As we barrel towards a finale 43 years in the making, “One Life” is going out on a high note. Currently, the scheming Dorian is mayor of Llanview. Queen of Good Intentions Viki has succumbed to her Dissociative Identity Disorder and is now operating as one of her seven alternate personalities, Niki the town scamp. Her husband has just been stolen away by Echo, a woman who last appeared on the show in the early 1980s (played both times by Kim Zimmer of “Guiding Light”). This represents a key selling point. The narrative history is so expansive that the show can easily resurrect characters from a seemingly never-ending well of former bit players. Even Dickens would have a hard time competing with the level of completeness that the collective imagination of four decades of writers, directors, and actors have brought to “One Life to Live”. It requires a dedicated staff to track continuity — sort of like the New Yorker’s famed fact-checking department. We’re losing a genre that should be heralded for its unrivaled longevity and utter uniqueness of form.

I would like to suggest that the federal government step in and subsidize this art form in the way they fund public broadcasting or the NEA. I realize that this is a pipe dream in our current political climate, but what would “East Enders” be without the BBC? Personally, I would rather see “One Life to Live” on PBS at lunchtime than the usual Charlie Rose repeat. The government funds all sorts of dead art forms that no one cares about like ballet, theater and opera, why not soap operas? What’s a $50 million production budget compared to the billions we spend on Medicare?

You might be saying to yourself, “Why should my tax dollars support ‘One Life to Live’ when we have ‘The Young and the Restless,’ ‘Days of Our Lives,’ ‘The Bold and the Beautiful’ and ‘General Hospital’ still before us?” The reason, besides the superior quality of “One Life,” is that the cancellation of this show and “All My Children” is the bellwether of things to come. All of these shows are deemed “dated” and “unhip” and will soon be slain by reality TV and chat shows — and that is if we’re lucky. More likely it will be “Dancing With the Stars” repeats and infomercials. The cancellation of “One Life” is the Gallipoli for soap operas. They’re fighting a losing battle to stay on the air.

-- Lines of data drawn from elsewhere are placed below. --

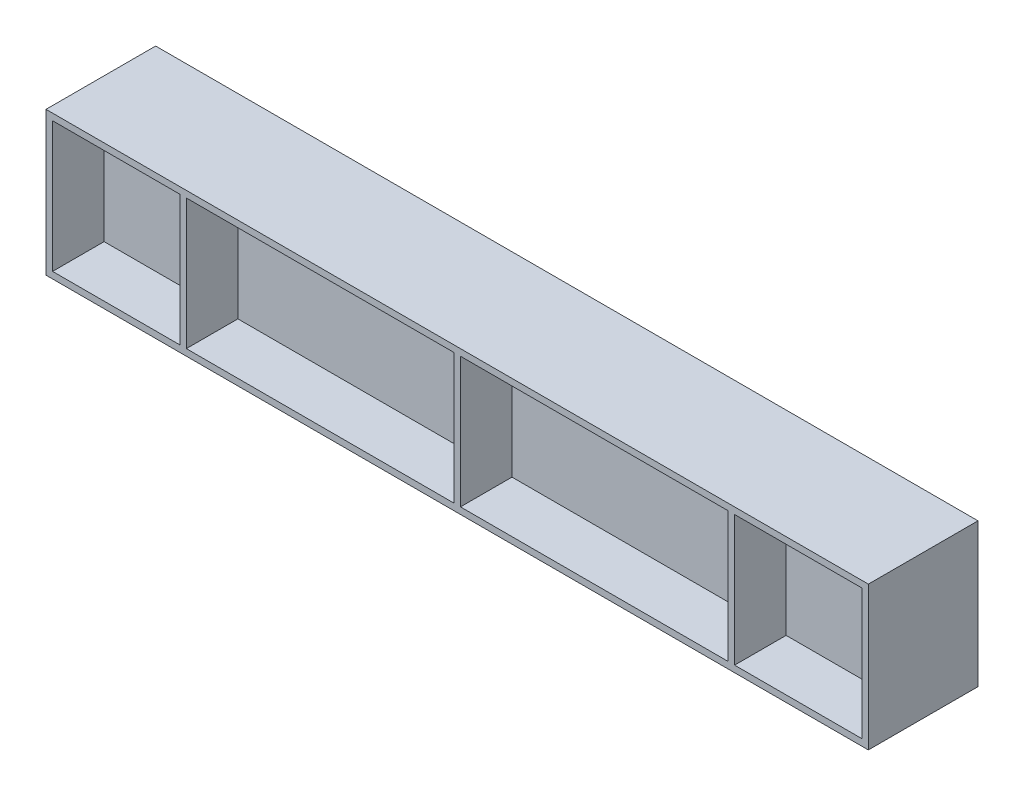
ISO-10303-21;
HEADER;
FILE_DESCRIPTION(('STEP AP214'),'2;1');
FILE_NAME('part.step','',(''),(''),'','','');
FILE_SCHEMA(('AUTOMOTIVE_DESIGN { 1 0 10303 214 1 1 1 1 }'));
ENDSEC;
DATA;
#1=APPLICATION_CONTEXT('core data for automotive mechanical design processes');
#2=APPLICATION_PROTOCOL_DEFINITION('international standard','automotive_design',2000,#1);
#3=PRODUCT_CONTEXT('',#1,'mechanical');
#4=PRODUCT('Part','Part','',(#3));
#5=PRODUCT_RELATED_PRODUCT_CATEGORY('part','',(#4));
#6=PRODUCT_DEFINITION_FORMATION('','',#4);
#7=PRODUCT_DEFINITION_CONTEXT('part definition',#1,'design');
#8=PRODUCT_DEFINITION('design','',#6,#7);
#9=PRODUCT_DEFINITION_SHAPE('','',#8);
#10=(LENGTH_UNIT() NAMED_UNIT(*) SI_UNIT(.MILLI.,.METRE.));
#11=(NAMED_UNIT(*) PLANE_ANGLE_UNIT() SI_UNIT($,.RADIAN.));
#12=(NAMED_UNIT(*) SI_UNIT($,.STERADIAN.) SOLID_ANGLE_UNIT());
#13=UNCERTAINTY_MEASURE_WITH_UNIT(LENGTH_MEASURE(1.E-05),#10,'distance_accuracy_value','');
#14=(GEOMETRIC_REPRESENTATION_CONTEXT(3) GLOBAL_UNCERTAINTY_ASSIGNED_CONTEXT((#13)) GLOBAL_UNIT_ASSIGNED_CONTEXT((#10,
#11,#12)) REPRESENTATION_CONTEXT('',''));
#15=CARTESIAN_POINT('',(0.,0.,0.));
#16=DIRECTION('',(0.,0.,1.));
#17=DIRECTION('',(1.,0.,0.));
#18=AXIS2_PLACEMENT_3D('',#15,#16,#17);
#19=CARTESIAN_POINT('',(12.,250.,0.));
#20=DIRECTION('',(-1.,0.,0.));
#21=DIRECTION('',(0.,-1.,0.));
#22=AXIS2_PLACEMENT_3D('',#19,#20,#21);
#23=PLANE('',#22);
#24=DIRECTION('',(0.,0.,1.));
#25=VECTOR('',#24,1.);
#26=CARTESIAN_POINT('',(12.,12.,0.));
#27=LINE('',#26,#25);
#28=CARTESIAN_POINT('',(12.,12.,106.));
#29=VERTEX_POINT('',#28);
#30=CARTESIAN_POINT('',(12.,12.,200.));
#31=VERTEX_POINT('',#30);
#32=EDGE_CURVE('E391',#29,#31,#27,.T.);
#33=ORIENTED_EDGE('',*,*,#32,.F.);
#34=DIRECTION('',(0.,1.,0.));
#35=VECTOR('',#34,1.);
#36=CARTESIAN_POINT('',(12.,250.,106.));
#37=LINE('',#36,#35);
#38=CARTESIAN_POINT('',(12.,250.,106.));
#39=VERTEX_POINT('',#38);
#40=EDGE_CURVE('E47',#29,#39,#37,.T.);
#41=ORIENTED_EDGE('',*,*,#40,.T.);
#42=DIRECTION('',(0.,0.,1.));
#43=VECTOR('',#42,1.);
#44=CARTESIAN_POINT('',(12.,250.,0.));
#45=LINE('',#44,#43);
#46=CARTESIAN_POINT('',(12.,250.,200.));
#47=VERTEX_POINT('',#46);
#48=EDGE_CURVE('E406',#39,#47,#45,.T.);
#49=ORIENTED_EDGE('',*,*,#48,.T.);
#50=DIRECTION('',(0.,-1.,0.));
#51=VECTOR('',#50,1.);
#52=CARTESIAN_POINT('',(12.,250.,200.));
#53=LINE('',#52,#51);
#54=EDGE_CURVE('E365',#47,#31,#53,.T.);
#55=ORIENTED_EDGE('',*,*,#54,.T.);
#56=EDGE_LOOP('',(#33,#41,#49,#55));
#57=FACE_BOUND('',#56,.T.);
#58=ADVANCED_FACE('F32',(#57),#23,.F.);
#59=CARTESIAN_POINT('',(12.,250.,0.));
#60=DIRECTION('',(0.,1.,0.));
#61=DIRECTION('',(0.,0.,1.));
#62=AXIS2_PLACEMENT_3D('',#59,#60,#61);
#63=PLANE('',#62);
#64=ORIENTED_EDGE('',*,*,#48,.F.);
#65=DIRECTION('',(1.,0.,0.));
#66=VECTOR('',#65,1.);
#67=CARTESIAN_POINT('',(12.,250.,106.));
#68=LINE('',#67,#66);
#69=CARTESIAN_POINT('',(244.,250.,106.));
#70=VERTEX_POINT('',#69);
#71=EDGE_CURVE('E549',#39,#70,#68,.T.);
#72=ORIENTED_EDGE('',*,*,#71,.T.);
#73=DIRECTION('',(0.,0.,1.));
#74=VECTOR('',#73,1.);
#75=CARTESIAN_POINT('',(244.,250.,0.));
#76=LINE('',#75,#74);
#77=CARTESIAN_POINT('',(244.,250.,200.));
#78=VERTEX_POINT('',#77);
#79=EDGE_CURVE('E410',#70,#78,#76,.T.);
#80=ORIENTED_EDGE('',*,*,#79,.T.);
#81=DIRECTION('',(-1.,0.,0.));
#82=VECTOR('',#81,1.);
#83=CARTESIAN_POINT('',(12.,250.,200.));
#84=LINE('',#83,#82);
#85=EDGE_CURVE('E382',#78,#47,#84,.T.);
#86=ORIENTED_EDGE('',*,*,#85,.T.);
#87=EDGE_LOOP('',(#64,#72,#80,#86));
#88=FACE_BOUND('',#87,.T.);
#89=ADVANCED_FACE('F481',(#88),#63,.F.);
#90=CARTESIAN_POINT('',(244.,250.,0.));
#91=DIRECTION('',(1.,0.,0.));
#92=DIRECTION('',(0.,1.,0.));
#93=AXIS2_PLACEMENT_3D('',#90,#91,#92);
#94=PLANE('',#93);
#95=ORIENTED_EDGE('',*,*,#79,.F.);
#96=DIRECTION('',(0.,-1.,0.));
#97=VECTOR('',#96,1.);
#98=CARTESIAN_POINT('',(244.,250.,106.));
#99=LINE('',#98,#97);
#100=CARTESIAN_POINT('',(244.,12.,106.));
#101=VERTEX_POINT('',#100);
#102=EDGE_CURVE('E546',#70,#101,#99,.T.);
#103=ORIENTED_EDGE('',*,*,#102,.T.);
#104=DIRECTION('',(0.,0.,1.));
#105=VECTOR('',#104,1.);
#106=CARTESIAN_POINT('',(244.,12.,0.));
#107=LINE('',#106,#105);
#108=CARTESIAN_POINT('',(244.,12.,200.));
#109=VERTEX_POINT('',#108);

I beseech you to put “One Life” on your DVR for the next nine months. I really don’t think you’ll be disappointed. In fact, I think you’ll become just as infatuated as I have. And then in January, when it goes off the air, we can all mourn together for another dead art form. See you in hell, Vaudeville!

David Ozanich is, among other things, a playwright, travel writer, and the co-author of the YA novel series “Likely Story” about a teen soap opera.